Speaker: David A. Smith, Jacob Murel, Jonathan Parkes Allen and Matthew Thomas Miller
Affiliation: 1, Khoury College of Computer Sciences, Northeastern University, Boston MA, U.S.A.; 2, Roshan Institute for Persian Studies, University of Maryland, College Park MD, U.S.A.
Title: Automatic Collation for Diversifying Corpora: Commonly Copied Texts as Distant Supervision for Handwritten Text Recognition
Abstract: Handwritten text recognition (HTR) has enabled many researchers to gather textual evidence from the human record. One common training paradigm for HTR is to identify an individual manuscript or coherent collection and to transcribe enough data to achieve acceptable performance on that collection. To build generalized models for Arabic-script manuscripts, perhaps one of the largest textual traditions in the pre-modern world, we need an approach that can improve its accuracy on unseen manuscripts and hands without linear growth in the amount of manually annotated data.
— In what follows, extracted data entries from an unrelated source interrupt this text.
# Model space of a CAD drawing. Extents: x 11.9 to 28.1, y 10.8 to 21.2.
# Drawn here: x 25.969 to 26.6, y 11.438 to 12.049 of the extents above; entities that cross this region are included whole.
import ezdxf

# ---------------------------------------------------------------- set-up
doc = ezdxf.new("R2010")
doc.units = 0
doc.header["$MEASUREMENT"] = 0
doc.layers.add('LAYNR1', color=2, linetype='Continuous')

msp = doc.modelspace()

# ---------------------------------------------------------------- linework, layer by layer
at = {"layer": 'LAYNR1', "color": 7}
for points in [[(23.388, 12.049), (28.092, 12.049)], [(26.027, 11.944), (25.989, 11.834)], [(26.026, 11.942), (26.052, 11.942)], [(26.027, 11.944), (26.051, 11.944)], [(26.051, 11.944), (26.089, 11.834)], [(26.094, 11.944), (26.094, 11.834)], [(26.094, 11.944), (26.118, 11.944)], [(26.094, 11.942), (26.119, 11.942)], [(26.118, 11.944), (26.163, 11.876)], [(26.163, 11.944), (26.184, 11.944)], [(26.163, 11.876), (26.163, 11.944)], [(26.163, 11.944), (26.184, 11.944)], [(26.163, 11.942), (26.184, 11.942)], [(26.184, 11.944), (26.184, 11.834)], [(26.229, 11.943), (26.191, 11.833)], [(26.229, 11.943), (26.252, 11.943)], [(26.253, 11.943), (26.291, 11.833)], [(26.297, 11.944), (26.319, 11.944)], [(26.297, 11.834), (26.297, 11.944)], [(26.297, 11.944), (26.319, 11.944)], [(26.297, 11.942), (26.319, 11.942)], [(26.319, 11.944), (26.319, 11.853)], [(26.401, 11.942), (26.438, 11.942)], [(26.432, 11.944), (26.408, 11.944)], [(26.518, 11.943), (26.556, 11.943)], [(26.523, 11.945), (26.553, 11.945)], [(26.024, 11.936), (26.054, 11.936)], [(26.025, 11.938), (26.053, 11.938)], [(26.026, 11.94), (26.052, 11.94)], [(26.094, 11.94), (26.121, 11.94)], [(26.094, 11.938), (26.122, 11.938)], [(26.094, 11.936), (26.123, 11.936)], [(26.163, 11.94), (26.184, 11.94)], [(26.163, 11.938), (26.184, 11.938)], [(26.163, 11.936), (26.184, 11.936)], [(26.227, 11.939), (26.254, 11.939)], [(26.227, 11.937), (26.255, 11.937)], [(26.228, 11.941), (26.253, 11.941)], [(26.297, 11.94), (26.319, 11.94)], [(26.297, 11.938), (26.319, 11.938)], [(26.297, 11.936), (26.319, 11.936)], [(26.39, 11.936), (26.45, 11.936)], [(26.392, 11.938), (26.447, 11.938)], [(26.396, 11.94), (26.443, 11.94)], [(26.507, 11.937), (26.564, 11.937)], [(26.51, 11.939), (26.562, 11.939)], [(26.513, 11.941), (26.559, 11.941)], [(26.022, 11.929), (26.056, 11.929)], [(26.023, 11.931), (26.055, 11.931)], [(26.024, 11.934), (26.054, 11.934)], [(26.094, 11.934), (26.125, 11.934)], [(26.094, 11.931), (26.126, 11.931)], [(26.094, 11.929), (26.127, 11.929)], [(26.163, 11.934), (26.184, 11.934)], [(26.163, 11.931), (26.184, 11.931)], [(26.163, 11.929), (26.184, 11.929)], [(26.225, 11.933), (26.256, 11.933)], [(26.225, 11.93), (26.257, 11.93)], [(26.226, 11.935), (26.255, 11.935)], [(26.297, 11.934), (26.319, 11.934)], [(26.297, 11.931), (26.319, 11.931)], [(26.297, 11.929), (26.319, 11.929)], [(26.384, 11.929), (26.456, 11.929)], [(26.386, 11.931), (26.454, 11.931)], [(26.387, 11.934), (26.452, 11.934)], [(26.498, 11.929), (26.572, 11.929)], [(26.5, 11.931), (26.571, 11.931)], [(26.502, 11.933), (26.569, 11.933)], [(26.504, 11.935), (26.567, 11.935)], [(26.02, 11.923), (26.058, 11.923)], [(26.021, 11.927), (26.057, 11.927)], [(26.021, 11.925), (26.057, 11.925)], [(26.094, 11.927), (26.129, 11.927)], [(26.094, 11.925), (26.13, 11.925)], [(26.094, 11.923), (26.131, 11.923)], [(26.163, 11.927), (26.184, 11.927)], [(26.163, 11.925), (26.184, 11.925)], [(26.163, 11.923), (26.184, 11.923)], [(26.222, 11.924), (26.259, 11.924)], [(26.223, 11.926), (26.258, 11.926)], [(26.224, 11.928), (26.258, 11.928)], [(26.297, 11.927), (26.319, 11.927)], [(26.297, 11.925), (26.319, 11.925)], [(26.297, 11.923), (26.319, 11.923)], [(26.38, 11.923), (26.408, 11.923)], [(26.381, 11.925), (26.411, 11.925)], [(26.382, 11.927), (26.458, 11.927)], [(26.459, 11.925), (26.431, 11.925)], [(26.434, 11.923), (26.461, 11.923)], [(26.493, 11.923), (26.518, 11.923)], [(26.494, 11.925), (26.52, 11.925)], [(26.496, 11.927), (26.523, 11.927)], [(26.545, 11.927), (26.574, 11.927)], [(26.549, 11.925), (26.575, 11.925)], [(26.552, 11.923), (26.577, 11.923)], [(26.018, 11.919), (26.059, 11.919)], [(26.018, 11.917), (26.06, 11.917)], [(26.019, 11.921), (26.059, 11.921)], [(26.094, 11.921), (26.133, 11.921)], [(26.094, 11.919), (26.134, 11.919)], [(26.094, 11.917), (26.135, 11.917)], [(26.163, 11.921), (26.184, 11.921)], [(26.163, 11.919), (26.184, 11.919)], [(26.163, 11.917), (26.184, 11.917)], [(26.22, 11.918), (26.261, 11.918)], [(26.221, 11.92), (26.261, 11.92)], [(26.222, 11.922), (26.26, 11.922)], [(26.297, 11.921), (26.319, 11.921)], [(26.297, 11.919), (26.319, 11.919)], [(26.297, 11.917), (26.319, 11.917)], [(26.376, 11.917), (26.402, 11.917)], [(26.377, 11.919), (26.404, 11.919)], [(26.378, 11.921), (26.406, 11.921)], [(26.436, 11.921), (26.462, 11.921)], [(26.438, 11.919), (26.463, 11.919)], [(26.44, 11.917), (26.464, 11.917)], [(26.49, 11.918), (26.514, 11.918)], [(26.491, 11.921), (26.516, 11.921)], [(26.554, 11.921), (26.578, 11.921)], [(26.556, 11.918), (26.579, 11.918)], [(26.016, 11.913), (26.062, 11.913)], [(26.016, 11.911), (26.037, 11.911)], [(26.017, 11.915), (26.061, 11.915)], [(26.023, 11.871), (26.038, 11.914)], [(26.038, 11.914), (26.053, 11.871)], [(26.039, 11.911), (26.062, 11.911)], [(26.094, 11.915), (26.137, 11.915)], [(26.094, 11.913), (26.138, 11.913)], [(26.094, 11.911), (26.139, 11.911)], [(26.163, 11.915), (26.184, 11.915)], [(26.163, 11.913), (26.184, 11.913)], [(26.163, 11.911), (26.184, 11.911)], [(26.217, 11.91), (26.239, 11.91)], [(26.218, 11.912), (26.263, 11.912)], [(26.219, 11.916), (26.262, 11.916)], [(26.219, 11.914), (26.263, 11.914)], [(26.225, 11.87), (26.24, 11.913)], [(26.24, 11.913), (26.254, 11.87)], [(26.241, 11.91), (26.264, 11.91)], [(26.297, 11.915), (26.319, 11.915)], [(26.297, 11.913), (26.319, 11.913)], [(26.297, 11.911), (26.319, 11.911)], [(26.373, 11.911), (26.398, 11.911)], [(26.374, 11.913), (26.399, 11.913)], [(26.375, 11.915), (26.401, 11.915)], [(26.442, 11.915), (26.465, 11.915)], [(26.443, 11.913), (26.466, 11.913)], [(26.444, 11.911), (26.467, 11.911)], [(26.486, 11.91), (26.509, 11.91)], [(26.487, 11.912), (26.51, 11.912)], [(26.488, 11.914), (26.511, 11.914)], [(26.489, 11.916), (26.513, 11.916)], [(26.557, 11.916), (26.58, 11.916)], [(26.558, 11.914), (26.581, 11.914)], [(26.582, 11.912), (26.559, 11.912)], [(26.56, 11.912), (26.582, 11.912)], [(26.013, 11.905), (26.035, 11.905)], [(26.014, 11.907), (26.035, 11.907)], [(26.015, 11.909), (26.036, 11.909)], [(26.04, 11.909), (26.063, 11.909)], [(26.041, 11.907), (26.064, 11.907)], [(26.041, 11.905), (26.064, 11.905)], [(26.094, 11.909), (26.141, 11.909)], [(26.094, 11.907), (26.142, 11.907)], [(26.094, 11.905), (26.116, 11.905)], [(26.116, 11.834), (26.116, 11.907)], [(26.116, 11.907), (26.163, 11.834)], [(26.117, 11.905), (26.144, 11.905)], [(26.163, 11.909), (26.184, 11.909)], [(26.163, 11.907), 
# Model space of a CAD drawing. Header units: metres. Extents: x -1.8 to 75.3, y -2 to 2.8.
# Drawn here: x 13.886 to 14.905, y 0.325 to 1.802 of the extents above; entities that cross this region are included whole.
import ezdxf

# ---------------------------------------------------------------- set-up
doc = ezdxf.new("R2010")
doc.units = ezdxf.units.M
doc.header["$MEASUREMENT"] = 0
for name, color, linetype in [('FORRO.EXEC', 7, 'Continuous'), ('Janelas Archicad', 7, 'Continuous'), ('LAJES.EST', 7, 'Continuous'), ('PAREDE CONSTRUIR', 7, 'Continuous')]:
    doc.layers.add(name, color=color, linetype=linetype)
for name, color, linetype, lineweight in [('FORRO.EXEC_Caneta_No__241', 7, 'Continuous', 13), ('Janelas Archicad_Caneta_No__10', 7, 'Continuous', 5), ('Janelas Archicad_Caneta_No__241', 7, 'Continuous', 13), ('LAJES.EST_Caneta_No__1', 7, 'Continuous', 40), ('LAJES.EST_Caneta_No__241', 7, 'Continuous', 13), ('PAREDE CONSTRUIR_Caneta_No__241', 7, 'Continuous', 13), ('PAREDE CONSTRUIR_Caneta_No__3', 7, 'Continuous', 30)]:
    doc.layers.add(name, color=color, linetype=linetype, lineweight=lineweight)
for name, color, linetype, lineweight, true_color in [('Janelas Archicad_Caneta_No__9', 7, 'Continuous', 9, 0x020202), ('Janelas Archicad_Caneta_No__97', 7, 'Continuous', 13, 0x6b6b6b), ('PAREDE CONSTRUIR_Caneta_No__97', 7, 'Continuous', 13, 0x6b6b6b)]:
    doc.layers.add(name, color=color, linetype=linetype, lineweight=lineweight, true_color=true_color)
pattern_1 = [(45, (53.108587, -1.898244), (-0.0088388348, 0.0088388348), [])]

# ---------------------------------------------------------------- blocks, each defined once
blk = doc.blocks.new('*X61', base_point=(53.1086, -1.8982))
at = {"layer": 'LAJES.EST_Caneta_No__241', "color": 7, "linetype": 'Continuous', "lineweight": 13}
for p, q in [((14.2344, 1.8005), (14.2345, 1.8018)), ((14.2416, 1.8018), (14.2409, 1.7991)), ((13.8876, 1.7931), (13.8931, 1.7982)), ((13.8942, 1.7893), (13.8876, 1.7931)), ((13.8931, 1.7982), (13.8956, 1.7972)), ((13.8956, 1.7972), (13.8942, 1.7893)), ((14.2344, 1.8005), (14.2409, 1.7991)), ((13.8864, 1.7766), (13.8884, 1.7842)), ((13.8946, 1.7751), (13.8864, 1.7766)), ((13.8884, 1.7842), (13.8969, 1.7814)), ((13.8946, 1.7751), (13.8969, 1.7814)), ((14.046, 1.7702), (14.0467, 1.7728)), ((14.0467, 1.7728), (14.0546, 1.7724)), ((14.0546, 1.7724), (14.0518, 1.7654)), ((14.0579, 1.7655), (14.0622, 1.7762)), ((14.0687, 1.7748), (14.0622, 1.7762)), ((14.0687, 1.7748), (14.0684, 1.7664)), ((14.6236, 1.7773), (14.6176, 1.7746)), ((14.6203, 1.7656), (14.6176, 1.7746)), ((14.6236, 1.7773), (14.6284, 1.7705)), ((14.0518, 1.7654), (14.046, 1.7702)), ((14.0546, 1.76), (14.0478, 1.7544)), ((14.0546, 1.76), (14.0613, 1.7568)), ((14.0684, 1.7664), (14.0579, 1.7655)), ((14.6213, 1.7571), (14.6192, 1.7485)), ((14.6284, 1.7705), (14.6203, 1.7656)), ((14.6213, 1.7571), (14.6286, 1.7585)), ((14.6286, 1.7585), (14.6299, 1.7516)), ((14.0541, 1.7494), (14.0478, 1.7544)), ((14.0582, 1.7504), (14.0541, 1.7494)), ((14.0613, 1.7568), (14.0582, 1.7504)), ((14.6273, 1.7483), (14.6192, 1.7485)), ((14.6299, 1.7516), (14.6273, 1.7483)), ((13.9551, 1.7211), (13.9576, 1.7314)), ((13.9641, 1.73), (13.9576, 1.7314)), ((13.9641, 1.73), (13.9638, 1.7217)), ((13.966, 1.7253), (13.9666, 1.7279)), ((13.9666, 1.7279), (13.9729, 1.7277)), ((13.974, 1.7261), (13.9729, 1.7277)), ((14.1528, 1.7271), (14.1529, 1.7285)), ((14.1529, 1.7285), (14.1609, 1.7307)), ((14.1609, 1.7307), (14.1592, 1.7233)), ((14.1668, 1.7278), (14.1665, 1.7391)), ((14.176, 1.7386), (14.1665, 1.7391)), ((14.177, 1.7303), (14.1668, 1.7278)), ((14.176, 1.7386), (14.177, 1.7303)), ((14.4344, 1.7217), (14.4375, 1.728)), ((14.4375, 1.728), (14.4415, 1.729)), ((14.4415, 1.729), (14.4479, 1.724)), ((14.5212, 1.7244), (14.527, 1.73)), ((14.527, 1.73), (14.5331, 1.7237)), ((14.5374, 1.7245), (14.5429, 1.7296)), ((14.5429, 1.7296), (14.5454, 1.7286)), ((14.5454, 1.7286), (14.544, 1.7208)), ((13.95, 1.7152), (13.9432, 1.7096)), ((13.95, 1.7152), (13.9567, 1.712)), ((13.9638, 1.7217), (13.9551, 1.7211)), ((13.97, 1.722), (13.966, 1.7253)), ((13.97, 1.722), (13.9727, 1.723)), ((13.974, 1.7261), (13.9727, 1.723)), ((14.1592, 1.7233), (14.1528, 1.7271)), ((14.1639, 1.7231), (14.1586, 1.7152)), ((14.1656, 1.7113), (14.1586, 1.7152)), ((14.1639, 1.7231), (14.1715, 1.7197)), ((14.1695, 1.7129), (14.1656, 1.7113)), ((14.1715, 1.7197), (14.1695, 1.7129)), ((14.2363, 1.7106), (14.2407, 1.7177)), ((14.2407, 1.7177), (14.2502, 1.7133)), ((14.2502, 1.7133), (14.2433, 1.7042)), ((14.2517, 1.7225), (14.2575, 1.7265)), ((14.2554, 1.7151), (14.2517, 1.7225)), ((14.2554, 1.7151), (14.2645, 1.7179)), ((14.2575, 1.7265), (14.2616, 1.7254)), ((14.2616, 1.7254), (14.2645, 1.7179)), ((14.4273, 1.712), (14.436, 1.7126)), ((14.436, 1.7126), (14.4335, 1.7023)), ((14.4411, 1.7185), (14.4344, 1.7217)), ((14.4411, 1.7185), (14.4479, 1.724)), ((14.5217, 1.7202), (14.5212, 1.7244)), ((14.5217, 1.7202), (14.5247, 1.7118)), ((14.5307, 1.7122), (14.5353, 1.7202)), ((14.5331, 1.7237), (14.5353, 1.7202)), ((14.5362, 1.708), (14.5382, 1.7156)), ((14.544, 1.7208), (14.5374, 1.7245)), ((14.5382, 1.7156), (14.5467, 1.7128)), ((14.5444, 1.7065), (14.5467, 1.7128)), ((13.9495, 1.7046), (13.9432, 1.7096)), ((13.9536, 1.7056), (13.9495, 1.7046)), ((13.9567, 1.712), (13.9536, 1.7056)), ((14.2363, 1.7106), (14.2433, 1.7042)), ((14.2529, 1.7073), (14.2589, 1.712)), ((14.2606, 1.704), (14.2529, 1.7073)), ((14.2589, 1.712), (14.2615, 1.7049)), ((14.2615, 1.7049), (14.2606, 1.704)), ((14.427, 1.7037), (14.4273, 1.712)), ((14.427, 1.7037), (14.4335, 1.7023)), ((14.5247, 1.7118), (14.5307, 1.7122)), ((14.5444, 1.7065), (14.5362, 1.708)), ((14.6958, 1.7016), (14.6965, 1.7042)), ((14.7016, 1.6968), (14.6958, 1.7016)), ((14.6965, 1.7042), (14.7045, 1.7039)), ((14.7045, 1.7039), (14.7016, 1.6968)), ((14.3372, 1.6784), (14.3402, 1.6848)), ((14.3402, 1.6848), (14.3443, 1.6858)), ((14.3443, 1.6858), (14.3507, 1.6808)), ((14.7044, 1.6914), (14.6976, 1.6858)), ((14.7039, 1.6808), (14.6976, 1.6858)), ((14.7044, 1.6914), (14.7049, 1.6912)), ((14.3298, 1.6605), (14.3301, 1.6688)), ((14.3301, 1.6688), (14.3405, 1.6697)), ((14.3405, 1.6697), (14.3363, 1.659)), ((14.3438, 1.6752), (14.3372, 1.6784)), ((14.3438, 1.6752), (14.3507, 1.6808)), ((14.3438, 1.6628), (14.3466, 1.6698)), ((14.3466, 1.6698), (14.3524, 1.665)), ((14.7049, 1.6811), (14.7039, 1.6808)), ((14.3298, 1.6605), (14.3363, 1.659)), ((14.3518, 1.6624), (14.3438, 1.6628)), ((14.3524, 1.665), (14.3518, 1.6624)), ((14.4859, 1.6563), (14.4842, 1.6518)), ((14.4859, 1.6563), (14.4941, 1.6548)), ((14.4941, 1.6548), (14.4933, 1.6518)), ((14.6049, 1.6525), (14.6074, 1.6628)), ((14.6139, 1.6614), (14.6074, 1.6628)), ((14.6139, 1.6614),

We propose Automatic Collation for Diversifying Corpora (ACDC), taking advantage of the existence of multiple manuscripts of popular texts. Starting from an initial HTR model, ACDC automatically detects matching passages of popular texts in noisy HTR output and selects high-quality lines for retraining HTR without any manually annotated data. We demonstrate the effectiveness of this approach to distant supervision by annotating a test set drawn from a diverse collection of 59 Arabic-script manuscripts and a training set of 81 manuscripts of popular texts embedded within a larger corpus. After a few rounds of ACDC retraining, character accuracy rates on the test set increased by 19.6 % absolute percentage, while a supervised model trained on manually annotated data from the same collection increased accuracy by 15.9 % . We analyze the variation in ACDC’s performance across books and languages and discuss further applications to collating manuscript families.